WHAT THE TASK ASKS ▸
Give the records below again, word for word. No pictures belong in the copy.

DATA LISTING ▸
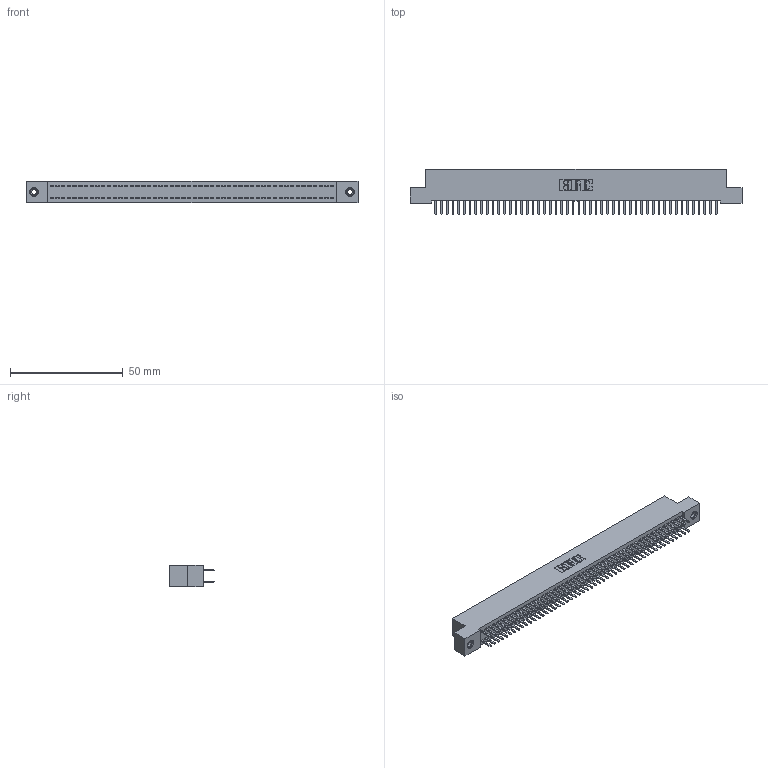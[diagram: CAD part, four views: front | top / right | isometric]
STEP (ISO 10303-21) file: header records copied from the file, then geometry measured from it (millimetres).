
FILE_DESCRIPTION (( 'STEP AP203' ), '1' );
FILE_NAME ('392-100-520-208.STEP', '2019-10-09T20:42:16', ( '' ), ( '' ), 'SwSTEP 2.0', 'SolidWorks 2016', '' );
FILE_SCHEMA (( 'CONFIG_CONTROL_DESIGN' ));
Length unit declared in the file: inch
Products named in the file (4): 345-292-001_345-293-120; 345-250-001_345-250-003-102; 392-100-520-208; 342 Part_TI
Assembly tree (103 placements, depth 2):
  392-100-520-208
    342 Part_TI
    345-292-001_345-293-120  x100
    345-250-001_345-250-003-102  x2
Bounding box: 147.32 x 20.02 x 9.4 mm (x, y, z)
Volume: 13224.9 mm3; surface area: 21630.5 mm2
Topology: 103 solids, 103 shells, 5770 faces, 16735 edges, 10882 vertices
Faces by surface type: plane 3898, cylinder 1856, cone 12, torus 4
Entity records: 32300 total; most frequent: CARTESIAN_POINT 5337, ORIENTED_EDGE 5254, DIRECTION 4565, EDGE_CURVE 2627, VECTOR 2475, LINE 2475, VERTEX_POINT 1744, AXIS2_PLACEMENT_3D 1045

COMPLETED TASK ▸
[diagram: CAD part, four views: front | top / right | isometric]
STEP (ISO 10303-21) file: header records copied from the file, then geometry measured from it (millimetres).
FILE_DESCRIPTION (( 'STEP AP203' ), '1' );
FILE_NAME ('392-100-520-208.STEP', '2019-10-09T20:42:16', ( '' ), ( '' ), 'SwSTEP 2.0', 'SolidWorks 2016', '' );
FILE_SCHEMA (( 'CONFIG_CONTROL_DESIGN' ));
Length unit declared in the file: inch
Products named in the file (4): 345-292-001_345-293-120; 345-250-001_345-250-003-102; 392-100-520-208; 342 Part_TI
Assembly tree (103 placements, depth 2):
  392-100-520-208
    342 Part_TI
    345-292-001_345-293-120  x100
    345-250-001_345-250-003-102  x2
Bounding box: 147.32 x 20.02 x 9.4 mm (x, y, z)
Volume: 13224.9 mm3; surface area: 21630.5 mm2
Topology: 103 solids, 103 shells, 5770 faces, 16735 edges, 10882 vertices
Faces by surface type: plane 3898, cylinder 1856, cone 12, torus 4
Entity records: 32300 total; most frequent: CARTESIAN_POINT 5337, ORIENTED_EDGE 5254, DIRECTION 4565, EDGE_CURVE 2627, VECTOR 2475, LINE 2475, VERTEX_POINT 1744, AXIS2_PLACEMENT_3D 1045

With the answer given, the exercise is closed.